Born in India, Ram Krishnan adopted Philadelphia after graduating from Drexel University with an MBA in 1999.
Having settled in a city renowned for murals, he hoped to put a hero's face on his modern, three-story house at 16th and Fitzwater Streets. His pantheon of finalists included Mohandas K. Gandhi, the Dalai Lama, and Nelson Mandela.
Then Krishnan spent two years in Cape Town, South Africa, as a business consultant.
On Monday, as world leaders were gathering in South Africa for Mandela's memorial service, Krishnan was at his house in South Philadelphia describing his decision to emblazon its west wall with a 16- by 20-foot mural of Mandela.
"The thing that took me totally by surprise was the spontaneity and happiness of the people," said Krishnan, 40, who attributed the traits to the uplifting power of Mandela's leadership.
"What Mandela instilled in the youth was the confidence that they can achieve: 'Believe in yourself. Don't worry about color.'
"They may have disagreements on other things. But when it came to Mandela," there was universal appreciation, Krishnan said.
So he consulted with the Mural Arts Program and decided the fastest route to a completed mural for his home would be a private commission.
Since Thursday, when word of Mandela's death at age 95 flashed across the world, the mural on Krishnan's wall has become an informal shrine. Some mourners have placed votive candles at its base.
An art buff with a passion for black-and-white photography, Krishnan said he was on the Internet using the search term "monochromatic" when the work of Ben Slow, a London painter with a streaky style called drip technique, caught his eye.
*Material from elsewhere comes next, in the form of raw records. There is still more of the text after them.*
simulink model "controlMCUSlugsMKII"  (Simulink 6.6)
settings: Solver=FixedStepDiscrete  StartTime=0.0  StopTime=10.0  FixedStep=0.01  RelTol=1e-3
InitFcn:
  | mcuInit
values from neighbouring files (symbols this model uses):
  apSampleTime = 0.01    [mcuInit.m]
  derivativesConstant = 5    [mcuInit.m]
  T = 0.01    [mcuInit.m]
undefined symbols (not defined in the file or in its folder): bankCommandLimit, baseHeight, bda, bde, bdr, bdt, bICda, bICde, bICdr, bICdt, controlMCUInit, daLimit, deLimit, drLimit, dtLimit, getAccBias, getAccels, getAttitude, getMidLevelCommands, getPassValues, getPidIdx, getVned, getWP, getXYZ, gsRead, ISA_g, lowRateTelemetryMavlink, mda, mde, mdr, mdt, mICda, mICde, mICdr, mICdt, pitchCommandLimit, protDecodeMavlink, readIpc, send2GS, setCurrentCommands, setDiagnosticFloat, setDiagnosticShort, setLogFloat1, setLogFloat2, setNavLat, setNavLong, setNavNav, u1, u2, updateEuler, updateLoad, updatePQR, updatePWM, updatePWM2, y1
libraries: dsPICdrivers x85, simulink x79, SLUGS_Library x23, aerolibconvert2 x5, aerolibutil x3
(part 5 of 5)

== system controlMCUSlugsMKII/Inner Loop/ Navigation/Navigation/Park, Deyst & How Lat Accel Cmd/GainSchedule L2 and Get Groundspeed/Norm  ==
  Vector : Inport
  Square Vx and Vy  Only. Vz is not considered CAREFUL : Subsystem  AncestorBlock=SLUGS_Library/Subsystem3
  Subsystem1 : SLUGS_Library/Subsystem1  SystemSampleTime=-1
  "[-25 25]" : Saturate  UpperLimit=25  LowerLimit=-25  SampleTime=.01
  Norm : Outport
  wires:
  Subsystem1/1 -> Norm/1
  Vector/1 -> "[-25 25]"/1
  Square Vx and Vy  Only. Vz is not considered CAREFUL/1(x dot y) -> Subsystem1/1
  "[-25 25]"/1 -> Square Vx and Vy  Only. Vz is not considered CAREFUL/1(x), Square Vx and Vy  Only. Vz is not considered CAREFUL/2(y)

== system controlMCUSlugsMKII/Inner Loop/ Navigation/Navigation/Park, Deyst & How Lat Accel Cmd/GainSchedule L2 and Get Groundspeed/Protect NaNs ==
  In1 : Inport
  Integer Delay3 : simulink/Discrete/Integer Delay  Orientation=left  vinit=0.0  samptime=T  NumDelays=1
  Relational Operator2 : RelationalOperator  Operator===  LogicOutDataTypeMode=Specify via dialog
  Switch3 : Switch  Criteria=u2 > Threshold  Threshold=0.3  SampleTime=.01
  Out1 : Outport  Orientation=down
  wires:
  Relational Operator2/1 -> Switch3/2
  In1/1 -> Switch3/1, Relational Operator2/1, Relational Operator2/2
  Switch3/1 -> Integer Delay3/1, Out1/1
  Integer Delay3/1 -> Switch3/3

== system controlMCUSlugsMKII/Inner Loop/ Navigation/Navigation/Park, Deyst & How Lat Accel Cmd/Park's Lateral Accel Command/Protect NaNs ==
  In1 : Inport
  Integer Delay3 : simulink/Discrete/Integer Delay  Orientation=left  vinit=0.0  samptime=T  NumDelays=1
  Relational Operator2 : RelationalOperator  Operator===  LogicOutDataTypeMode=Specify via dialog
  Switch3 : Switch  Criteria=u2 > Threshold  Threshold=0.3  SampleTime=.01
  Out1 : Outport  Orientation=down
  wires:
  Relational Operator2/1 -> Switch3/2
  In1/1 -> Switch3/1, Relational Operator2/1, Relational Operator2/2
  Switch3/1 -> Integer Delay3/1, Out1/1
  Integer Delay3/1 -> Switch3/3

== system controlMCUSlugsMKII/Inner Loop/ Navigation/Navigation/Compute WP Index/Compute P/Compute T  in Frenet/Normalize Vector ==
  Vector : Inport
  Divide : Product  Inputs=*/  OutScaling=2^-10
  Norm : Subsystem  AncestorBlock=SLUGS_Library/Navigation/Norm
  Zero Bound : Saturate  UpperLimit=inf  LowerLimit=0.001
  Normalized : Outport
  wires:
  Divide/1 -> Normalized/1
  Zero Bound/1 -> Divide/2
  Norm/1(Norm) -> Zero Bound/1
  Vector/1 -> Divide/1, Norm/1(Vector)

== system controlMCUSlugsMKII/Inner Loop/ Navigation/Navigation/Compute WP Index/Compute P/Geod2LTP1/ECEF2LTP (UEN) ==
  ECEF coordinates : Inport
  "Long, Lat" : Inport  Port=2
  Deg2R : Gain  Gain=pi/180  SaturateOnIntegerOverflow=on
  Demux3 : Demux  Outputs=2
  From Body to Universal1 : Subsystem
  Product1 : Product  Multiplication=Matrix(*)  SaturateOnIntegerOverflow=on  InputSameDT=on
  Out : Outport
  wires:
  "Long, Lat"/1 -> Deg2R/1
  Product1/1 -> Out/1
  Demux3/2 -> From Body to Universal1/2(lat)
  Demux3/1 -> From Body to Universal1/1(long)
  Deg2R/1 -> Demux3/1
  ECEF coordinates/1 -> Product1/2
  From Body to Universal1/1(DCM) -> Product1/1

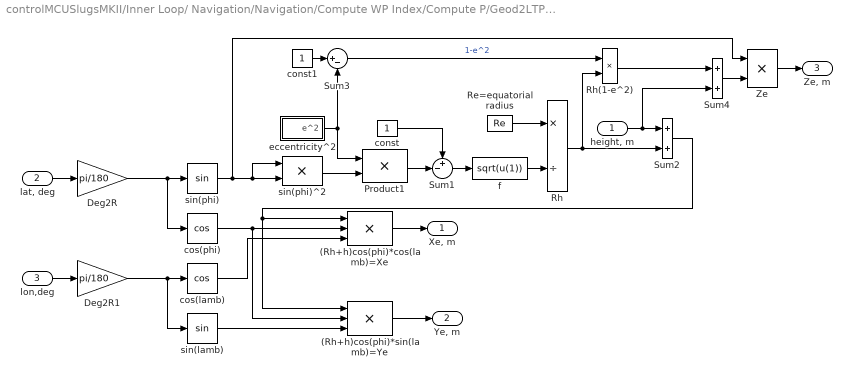
== system controlMCUSlugsMKII/Inner Loop/ Navigation/Navigation/Compute WP Index/Compute P/Geod2LTP1/Geod2ECEF1 ==
  "height, m" : Inport
  "lat, deg" : Inport  Port=2
  lon,deg : Inport  Port=3
  (Rh+h)cos(phi)*cos(lamb)=Xe : Product  Inputs=3  OutDataTypeMode=single  SaturateOnIntegerOverflow=on  InputSameDT=on
  (Rh+h)cos(phi)*sin(lamb)=Ye : Product  Inputs=3  OutDataTypeMode=single  SaturateOnIntegerOverflow=on  InputSameDT=on
  Deg2R : Gain  Gain=pi/180  OutDataTypeMode=Specify via dialog  OutDataType=float('single')  SaturateOnIntegerOverflow=on
  Deg2R1 : Gain  Gain=pi/180  OutDataTypeMode=Specify via dialog  OutDataType=float('single')  SaturateOnIntegerOverflow=on
  Product1 : Product  SaturateOnIntegerOverflow=on  InputSameDT=on
  Re=equatorial radius : Constant  Value=Re  OutDataTypeMode=single
  Rh : Product  Inputs=*/  OutDataTypeMode=single  SaturateOnIntegerOverflow=on  InputSameDT=on
  Rh(1-e^2) : Product  OutDataTypeMode=single  SaturateOnIntegerOverflow=on  InputSameDT=on
  Sum1 : Sum  Inputs=+-|  SaturateOnIntegerOverflow=on  InputSameDT=on
  Sum2 : Sum  SaturateOnIntegerOverflow=on  InputSameDT=on
      settings: AttributesFormatString=Rh+h
  Sum3 : Sum  Inputs=|+-  SaturateOnIntegerOverflow=on  InputSameDT=on
  Sum4 : Sum  OutDataTypeMode=single  SaturateOnIntegerOverflow=on  InputSameDT=on
      settings: AttributesFormatString=(1-e^2)Rh+h
  Ze : Product  OutDataTypeMode=single  SaturateOnIntegerOverflow=on  InputSameDT=on
  const : Constant  OutDataTypeMode=single
  const1 : Constant  OutDataTypeMode=single
  cos(lamb) : Trigonometry  Operator=cos
  cos(phi) : Trigonometry  Operator=cos
  eccentricity^2 : Subsystem
  f : Fcn  Expr=sqrt(u(1))
  sin(lamb) : Trigonometry
  sin(phi) : Trigonometry
  sin(phi)^2 : Product  SaturateOnIntegerOverflow=on  InputSameDT=on
  "Xe, m " : Outport
  "Ye, m " : Outport  Port=2
  "Ze, m " : Outport  Port=3
  wires:
  "lat, deg"/1 -> Deg2R/1
  sin(phi)/1 -> sin(phi)^2/1, sin(phi)^2/2, Ze/1
  f/1 -> Rh/2
  Re=equatorial radius/1 -> Rh/1
  Rh/1 -> Sum2/2, Rh(1-e^2)/2
  Product1/1 -> Sum1/2
  Sum1/1 -> f/1
  const/1 -> Sum1/1
  "height, m"/1 -> Sum4/2, Sum2/1
  eccentricity^2/1(e^2) -> Product1/1, Sum3/2
  sin(phi)^2/1 -> Product1/2
  const1/1 -> Sum3/1
  Sum3/1 -> Rh(1-e^2)/1  "1-e^2"
  Rh(1-e^2)/1 -> Sum4/1
  Sum4/1 -> Ze/2
  lon,deg/1 -> Deg2R1/1
  cos(phi)/1 -> (Rh+h)cos(phi)*cos(lamb)=Xe/2, (Rh+h)cos(phi)*sin(lamb)=Ye/2
  cos(lamb)/1 -> (Rh+h)cos(phi)*cos(lamb)=Xe/3
  sin(lamb)/1 -> (Rh+h)cos(phi)*sin(lamb)=Ye/3
  Ze/1 -> "Ze, m "/1
  Deg2R/1 -> cos(phi)/1, sin(phi)/1
  Deg2R1/1 -> cos(lamb)/1, sin(lamb)/1
  Sum2/1 -> (Rh+h)cos(phi)*sin(lamb)=Ye/1, (Rh+h)cos(phi)*cos(lamb)=Xe/1
  (Rh+h)cos(phi)*cos(lamb)=Xe/1 -> "Xe, m "/1
  (Rh+h)cos(phi)*sin(lamb)=Ye/1 -> "Ye, m "/1

== system controlMCUSlugsMKII/Inner Loop/ Navigation/Navigation/Compute WP Index/Compute P/Get Circles/Compute CCW Angle From 2 Vectors ==
  U : Inport
  V : Inport  Port=2
  Add : Sum  Inputs=+-  OutScaling=2^-10
  Embedded MATLAB Function1 : Stateflow chart
  Selector : Selector  IndexOptions=Index vector (dialog)  Indices=[1]  OutputSizes=1  InputPortWidth=3
  Selector1 : Selector  IndexOptions=Index vector (dialog)  Indices=[1]  OutputSizes=1  InputPortWidth=3
  Selector2 : Selector  IndexOptions=Index vector (dialog)  Indices=[2]  OutputSizes=1  InputPortWidth=3
  Selector3 : Selector  IndexOptions=Index vector (dialog)  Indices=[2]  OutputSizes=1  InputPortWidth=3
  Subsystem1 : SLUGS_Library/Subsystem4  SystemSampleTime=-1
  Subsystem4 : SLUGS_Library/Subsystem4  SystemSampleTime=-1
  CCW Ang : Outport
  wires:
  Embedded MATLAB Function1/1(angle) -> CCW Ang/1
  V/1 -> Selector1/1, Selector2/1
  U/1 -> Selector/1, Selector3/1
  Add/1 -> Embedded MATLAB Function1/1(rawAngle)
  Subsystem1/1 -> Add/2
  Subsystem4/1 -> Add/1
  Selector1/1 -> Subsystem1/2
  Selector2/1 -> Subsystem1/1
  Selector/1 -> Subsystem4/2
  Selector3/1 -> Subsystem4/1

== system controlMCUSlugsMKII/Inner Loop/ Navigation/Navigation/Compute WP Index/Compute P/Get Circles/Compute delta Left Turn ==
  gamma : Inport
  Enable : EnablePort
  Add : Sum  Inputs=+-  OutDataTypeMode=single  OutScaling=2^-10
  Constant1 : Constant  Value=2  OutDataTypeMode=single
  Constant5 : Constant  Value=pi  OutDataTypeMode=single
  Divide : Product  Inputs=*/  OutDataTypeMode=single  OutScaling=2^-10
  Gain : Gain  Gain=-1
  delta : Outport
  wires:
  Gain/1 -> delta/1
  Add/1 -> Divide/1
  gamma/1 -> Add/2
  Constant5/1 -> Add/1
  Divide/1 -> Gain/1
  Constant1/1 -> Divide/2

== system controlMCUSlugsMKII/Inner Loop/ Navigation/Navigation/Compute WP Index/Compute P/Get Circles/compute delta Right Turn ==
  gamma : Inport
  Enable : EnablePort
  Add : Sum  Inputs=-+  OutDataTypeMode=single  OutScaling=2^-10
  Constant1 : Constant  Value=2  OutDataTypeMode=single
  Constant5 : Constant  Value=pi  OutDataTypeMode=single
  Divide : Product  Inputs=*/  OutDataTypeMode=single  OutScaling=2^-10
  delta : Outport
  wires:
  Divide/1 -> delta/1  "delta"
  gamma/1 -> Add/2
  Constant1/1 -> Divide/2
  Add/1 -> Divide/1
  Constant5/1 -> Add/1

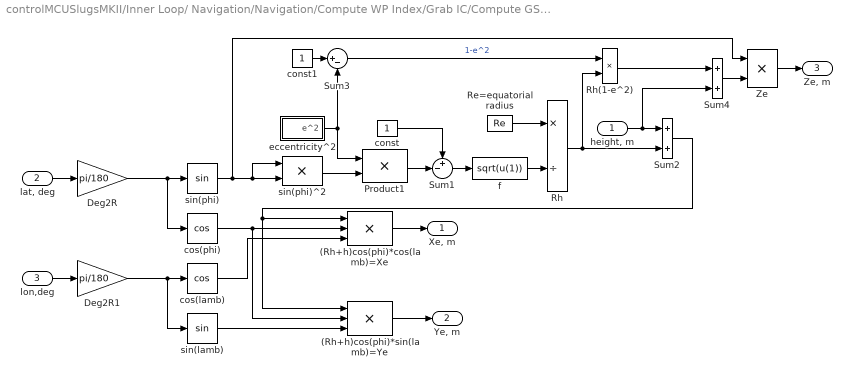
== system controlMCUSlugsMKII/Inner Loop/ Navigation/Navigation/Compute WP Index/Grab IC/Compute GS Location/Geod2ECEF1 ==
  "height, m" : Inport
  "lat, deg" : Inport  Port=2
  lon,deg : Inport  Port=3
  (Rh+h)cos(phi)*cos(lamb)=Xe : Product  Inputs=3  OutDataTypeMode=single  SaturateOnIntegerOverflow=on  InputSameDT=on
  (Rh+h)cos(phi)*sin(lamb)=Ye : Product  Inputs=3  OutDataTypeMode=single  SaturateOnIntegerOverflow=on  InputSameDT=on
  Deg2R : Gain  Gain=pi/180  OutDataTypeMode=Specify via dialog  OutDataType=float('single')  SaturateOnIntegerOverflow=on
  Deg2R1 : Gain  Gain=pi/180  OutDataTypeMode=Specify via dialog  OutDataType=float('single')  SaturateOnIntegerOverflow=on
  Product1 : Product  SaturateOnIntegerOverflow=on  InputSameDT=on
  Re=equatorial radius : Constant  Value=Re  OutDataTypeMode=single
  Rh : Product  Inputs=*/  OutDataTypeMode=single  SaturateOnIntegerOverflow=on  InputSameDT=on
  Rh(1-e^2) : Product  OutDataTypeMode=single  SaturateOnIntegerOverflow=on  InputSameDT=on
  Sum1 : Sum  Inputs=+-|  SaturateOnIntegerOverflow=on  InputSameDT=on
  Sum2 : Sum  SaturateOnIntegerOverflow=on  InputSameDT=on
      settings: AttributesFormatString=Rh+h
  Sum3 : Sum  Inputs=|+-  SaturateOnIntegerOverflow=on  InputSameDT=on
  Sum4 : Sum  OutDataTypeMode=single  SaturateOnIntegerOverflow=on  InputSameDT=on
      settings: AttributesFormatString=(1-e^2)Rh+h
  Ze : Product  OutDataTypeMode=single  SaturateOnIntegerOverflow=on  InputSameDT=on
  const : Constant  OutDataTypeMode=single
  const1 : Constant  OutDataTypeMode=single
  cos(lamb) : Trigonometry  Operator=cos
  cos(phi) : Trigonometry  Operator=cos
  eccentricity^2 : Subsystem
  f : Fcn  Expr=sqrt(u(1))
  sin(lamb) : Trigonometry
  sin(phi) : Trigonometry
  sin(phi)^2 : Product  SaturateOnIntegerOverflow=on  InputSameDT=on
  "Xe, m " : Outport
  "Ye, m " : Outport  Port=2
  "Ze, m " : Outport  Port=3
  wires:
  "lat, deg"/1 -> Deg2R/1
  sin(phi)/1 -> sin(phi)^2/1, sin(phi)^2/2, Ze/1
  f/1 -> Rh/2
  Re=equatorial radius/1 -> Rh/1
  Rh/1 -> Sum2/2, Rh(1-e^2)/2
  Product1/1 -> Sum1/2
  Sum1/1 -> f/1
  const/1 -> Sum1/1
  "height, m"/1 -> Sum4/2, Sum2/1
  eccentricity^2/1(e^2) -> Product1/1, Sum3/2
  sin(phi)^2/1 -> Product1/2
  const1/1 -> Sum3/1
  Sum3/1 -> Rh(1-e^2)/1  "1-e^2"
  Rh(1-e^2)/1 -> Sum4/1
  Sum4/1 -> Ze/2
  lon,deg/1 -> Deg2R1/1
  cos(phi)/1 -> (Rh+h)cos(phi)*cos(lamb)=Xe/2, (Rh+h)cos(phi)*sin(lamb)=Ye/2
  cos(lamb)/1 -> (Rh+h)cos(phi)*cos(lamb)=Xe/3
  sin(lamb)/1 -> (Rh+h)cos(phi)*sin(lamb)=Ye/3
  Ze/1 -> "Ze, m "/1
  Deg2R/1 -> cos(phi)/1, sin(phi)/1
  Deg2R1/1 -> cos(lamb)/1, sin(lamb)/1
  Sum2/1 -> (Rh+h)cos(phi)*sin(lamb)=Ye/1, (Rh+h)cos(phi)*cos(lamb)=Xe/1
  (Rh+h)cos(phi)*cos(lamb)=Xe/1 -> "Xe, m "/1
  (Rh+h)cos(phi)*sin(lamb)=Ye/1 -> "Ye, m "/1

== system controlMCUSlugsMKII/Inner Loop/ Navigation/Navigation/Compute WP Index/Switch when  in Line Segment/Compute  Projection/Protect NaNs ==
  In1 : Inport
  Integer Delay3 : simulink/Discrete/Integer Delay  Orientation=left  vinit=0.0  samptime=T  NumDelays=1
  Relational Operator2 : RelationalOperator  Operator===  LogicOutDataTypeMode=Specify via dialog
  Switch3 : Switch  Criteria=u2 > Threshold  Threshold=0.3  SampleTime=.01
  Out1 : Outport  Orientation=down
  wires:
  Relational Operator2/1 -> Switch3/2
  In1/1 -> Switch3/1, Relational Operator2/1, Relational Operator2/2
  Switch3/1 -> Integer Delay3/1, Out1/1
  Integer Delay3/1 -> Switch3/3

== system controlMCUSlugsMKII/Inner Loop/ Navigation/Navigation/Compute WP Index/Switch when  in Line Segment/Compute  Projection/Subsystem3 ==
  x : Inport
  y : Inport  Port=2
  Embedded MATLAB Function : Stateflow chart
  x dot y : Outport
  wires:
  Embedded MATLAB Function/1(xDoty) -> x dot y/1
  x/1 -> Embedded MATLAB Function/1(x)
  y/1 -> Embedded MATLAB Function/2(y)

== system controlMCUSlugsMKII/Inner Loop/ Navigation/Navigation/Compute WP Index/Switch when  in Line Segment/Compute Total Run/Compute Distance ==
  Pos 1 : Inport
  Pos 2 : Inport  Port=2
  Add : Sum  Inputs=+-  OutScaling=2^-10
  Norm : Subsystem  AncestorBlock=SLUGS_Library/Navigation/Norm
  Dist : Outport
  wires:
  Norm/1(Norm) -> Dist/1
  Add/1 -> Norm/1(Vector)
  Pos 2/1 -> Add/2
  Pos 1/1 -> Add/1

== system controlMCUSlugsMKII/Inner Loop/ Navigation/Navigation/Compute WP Index/Switch when  in Line Segment/Compute Total Run/Protect NaNs ==
  In1 : Inport
  Integer Delay3 : simulink/Discrete/Integer Delay  Orientation=left  vinit=0.0  samptime=T  NumDelays=1
  Relational Operator2 : RelationalOperator  Operator===  LogicOutDataTypeMode=Specify via dialog
  Switch3 : Switch  Criteria=u2 > Threshold  Threshold=0.3  SampleTime=.01
  Out1 : Outport  Orientation=down
  wires:
  Relational Operator2/1 -> Switch3/2
  In1/1 -> Switch3/1, Relational Operator2/1, Relational Operator2/2
  Switch3/1 -> Integer Delay3/1, Out1/1
  Integer Delay3/1 -> Switch3/3

== system controlMCUSlugsMKII/Inner Loop/ Navigation/Navigation/Compute WP Index/Switch when  in Line Segment/WP Update/Detect Change ==
  Data : Inport
  Difference1 : simulink/Discrete/Difference  SystemSampleTime=-1  ICPrevInput=0.0  OutDataType=sfix(16)  OutScaling=2^-10  DoSatur=off
  Saturation1 : Saturate  UpperLimit=1  LowerLimit=0  SampleTime=T
  Subsystem9 : SLUGS_Library/Subsystem9  SystemSampleTime=-1
  change? : Outport
  wires:
  Subsystem9/1 -> Saturation1/1
  Saturation1/1 -> change?/1
  Data/1 -> Difference1/1
  Difference1/1 -> Subsystem9/1

== system controlMCUSlugsMKII/Inner Loop/ Navigation/Navigation/Compute WP Index/Switch when  in Line Segment/WP Update/Detect Change1 ==
  Data : Inport
  Difference1 : simulink/Discrete/Difference  SystemSampleTime=-1  ICPrevInput=0.0  OutDataType=sfix(16)  OutScaling=2^-10  DoSatur=off
  Saturation1 : Saturate  UpperLimit=1  LowerLimit=0  SampleTime=T
  Subsystem9 : SLUGS_Library/Subsystem9  SystemSampleTime=-1
  change? : Outport
  wires:
  Difference1/1 -> Subsystem9/1
  Data/1 -> Difference1/1
  Saturation1/1 -> change?/1
  Subsystem9/1 -> Saturation1/1

== system controlMCUSlugsMKII/Inner Loop/ Navigation/Navigation/Compute WP Index/Switch when  in Line Segment/WP Update/Detect Change2 ==
  Data : Inport
  Difference1 : simulink/Discrete/Difference  SystemSampleTime=-1  ICPrevInput=0.0  OutDataType=sfix(16)  OutScaling=2^-10  DoSatur=off
  Saturation1 : Saturate  UpperLimit=1  LowerLimit=0  SampleTime=T
  Subsystem9 : SLUGS_Library/Subsystem9  SystemSampleTime=-1
  change? : Outport
  wires:
  Subsystem9/1 -> Saturation1/1
  Saturation1/1 -> change?/1
  Data/1 -> Difference1/1
  Difference1/1 -> Subsystem9/1

== system controlMCUSlugsMKII/Inner Loop/ Navigation/Navigation/Get Wps Compute Frenet/Geod2LTP1/ECEF2LTP (UEN)/From Body to Universal1 ==
  long : Inport
  lat : Inport  Port=2
  Mux : Mux  Inputs=2
  Reshape 9x1->3x1 : S-Function  FunctionName=sreshape  Parameters=OutputDimensionality, OutputDimensions  mask(Reshape){OutputDimensionality=Customize, OutputDimensions=[3,3]}
      mask prompts: OutputDimensionality "Output dimensionality:"; OutputDimensions "Output dimensions:"
      mask help:
      | Change the dimensions of a vector or matrix input signal. Output
      |  - a one-dimensional array (vector),
      |  - a column vector (Mx1 matrix),
      |  - a row vector (1xN matrix), or
      |  - a matrix or vector with specified dimensions, e.g., [M, N] or [W].
      mask init:
      | s = reshapemask(gcb,'init');
      mask StyleString: popup(1-D array|Column vector|Row vector|Customize),edit
      mask CallbackString: reshapemask(gcb,'cbDimensionality')|
      mask Display: disp('Reshape')
  Rotation Matrix from Long//Lat : Subsystem
      mask Type: Vector Transformation
      mask Description: Vector Transformation
      mask Display: disp('axis')
  DCM : Outport
  wires:
  lat/1 -> Mux/2
  long/1 -> Mux/1
  Mux/1 -> Rotation Matrix from Long//Lat/1(long lat)
  Rotation Matrix from Long//Lat/1(DCM) -> Reshape 9x1->3x1/1
  Reshape 9x1->3x1/1 -> DCM/1

== system controlMCUSlugsMKII/Inner Loop/ Navigation/Navigation/Get Wps Compute Frenet/Geod2LTP1/Geod2ECEF1/eccentricity^2 ==
  " " : Product  OutDataTypeMode=single  SaturateOnIntegerOverflow=on  InputSameDT=on
  Re=equatorial radius1 : Constant  Value=Re  OutDataTypeMode=single
  Rp=polar radius : Constant  Value=Rp  OutDataTypeMode=single
  Sum5 : Sum  Inputs=|+-  SaturateOnIntegerOverflow=on  InputSameDT=on
  const2 : Constant  OutDataTypeMode=single
  e^1 : Product  Inputs=*/  OutDataTypeMode=single  SaturateOnIntegerOverflow=on  InputSameDT=on
  e^2 : Outport
  wires:
  Re=equatorial radius1/1 -> e^1/2
  Rp=polar radius/1 -> e^1/1
  const2/1 -> Sum5/1
  e^1/1 -> " "/2, " "/1
  " "/1 -> Sum5/2
  Sum5/1 -> e^2/1

== system controlMCUSlugsMKII/Inner Loop/ Navigation/Navigation/Get Wps Compute Frenet/Geod2LTP2/ECEF2LTP (UEN)/From Body to Universal1 ==
  long : Inport
  lat : Inport  Port=2
  Mux : Mux  Inputs=2
  Reshape 9x1->3x1 : S-Function  FunctionName=sreshape  Parameters=OutputDimensionality, OutputDimensions  mask(Reshape){OutputDimensionality=Customize, OutputDimensions=[3,3]}
      mask prompts: OutputDimensionality "Output dimensionality:"; OutputDimensions "Output dimensions:"
      mask help:
      | Change the dimensions of a vector or matrix input signal. Output
      |  - a one-dimensional array (vector),
      |  - a column vector (Mx1 matrix),
      |  - a row vector (1xN matrix), or
      |  - a matrix or vector with specified dimensions, e.g., [M, N] or [W].
      mask init:
      | s = reshapemask(gcb,'init');
      mask StyleString: popup(1-D array|Column vector|Row vector|Customize),edit
      mask CallbackString: reshapemask(gcb,'cbDimensionality')|
      mask Display: disp('Reshape')
  Rotation Matrix from Long//Lat : Subsystem
      mask Type: Vector Transformation
      mask Description: Vector Transformation
      mask Display: disp('axis')
  DCM : Outport
  wires:
  lat/1 -> Mux/2
  long/1 -> Mux/1
  Mux/1 -> Rotation Matrix from Long//Lat/1(long lat)
  Rotation Matrix from Long//Lat/1(DCM) -> Reshape 9x1->3x1/1
  Reshape 9x1->3x1/1 -> DCM/1

== system controlMCUSlugsMKII/Inner Loop/ Navigation/Navigation/Get Wps Compute Frenet/Geod2LTP2/Geod2ECEF1/eccentricity^2 ==
  " " : Product  OutDataTypeMode=single  SaturateOnIntegerOverflow=on  InputSameDT=on
  Re=equatorial radius1 : Constant  Value=Re  OutDataTypeMode=single
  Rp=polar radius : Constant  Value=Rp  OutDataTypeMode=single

Slow, whose work includes a mural displayed at the Royal Albert Hall in London, does large-scale installations. Krishnan reached out to him. Without meeting in person, they refined the idea for the Mandela mural, based on a photograph and a projected budget of $5,000 to $10,000. Krishnan flew the artist in to do the work.
The mural, in dominant shades of red and black, is not a smiling Mandela, but "shows him deep in thought. With lines on his forehead," Krishnan said. "Showing the weight of his responsibility."
Using acrylic and oil-based media, Slow set up a workshop in Krishnan's South Philadelphia basement and painted onto aluminum panels of a type recommended by the Mural Arts Program. The program, Krishnan said, helped in many ways, including a referral to the company that supplied a cherry-picker to make it easier to install the panels.
Slow completed the work in 10 days, then spent three more installing it and adding brushstrokes to bring it to life.
"I've been informed that people have been gathering at the mural, which I think is amazing. But I can't say I ever thought about that when I was creating it," Slow said in an e-mail.
"I think it's important that such characters are remembered for what they did, as they gave up so much," the artist wrote. "I'm happy with the way it came out. Up to that point, the majority of my work had been in black and white. This was the first piece I painted on such a scale in color."
With one exception - a neighbor who thought she should have been consulted before the installation - Krishnan said the mural has been well-received.
Cindy Miller, 60, a dog walker in the neighborhood, said Monday that she passes the Mandela mural five days a week.
"I like it very much," she said, because he isn't, in her word, "Hallmarked" - reduced to a smiling stereotype.
"It doesn't whitewash him as a sweet old man," she said.
Inquirer staff writer Julie Zauzmer contributed to this article.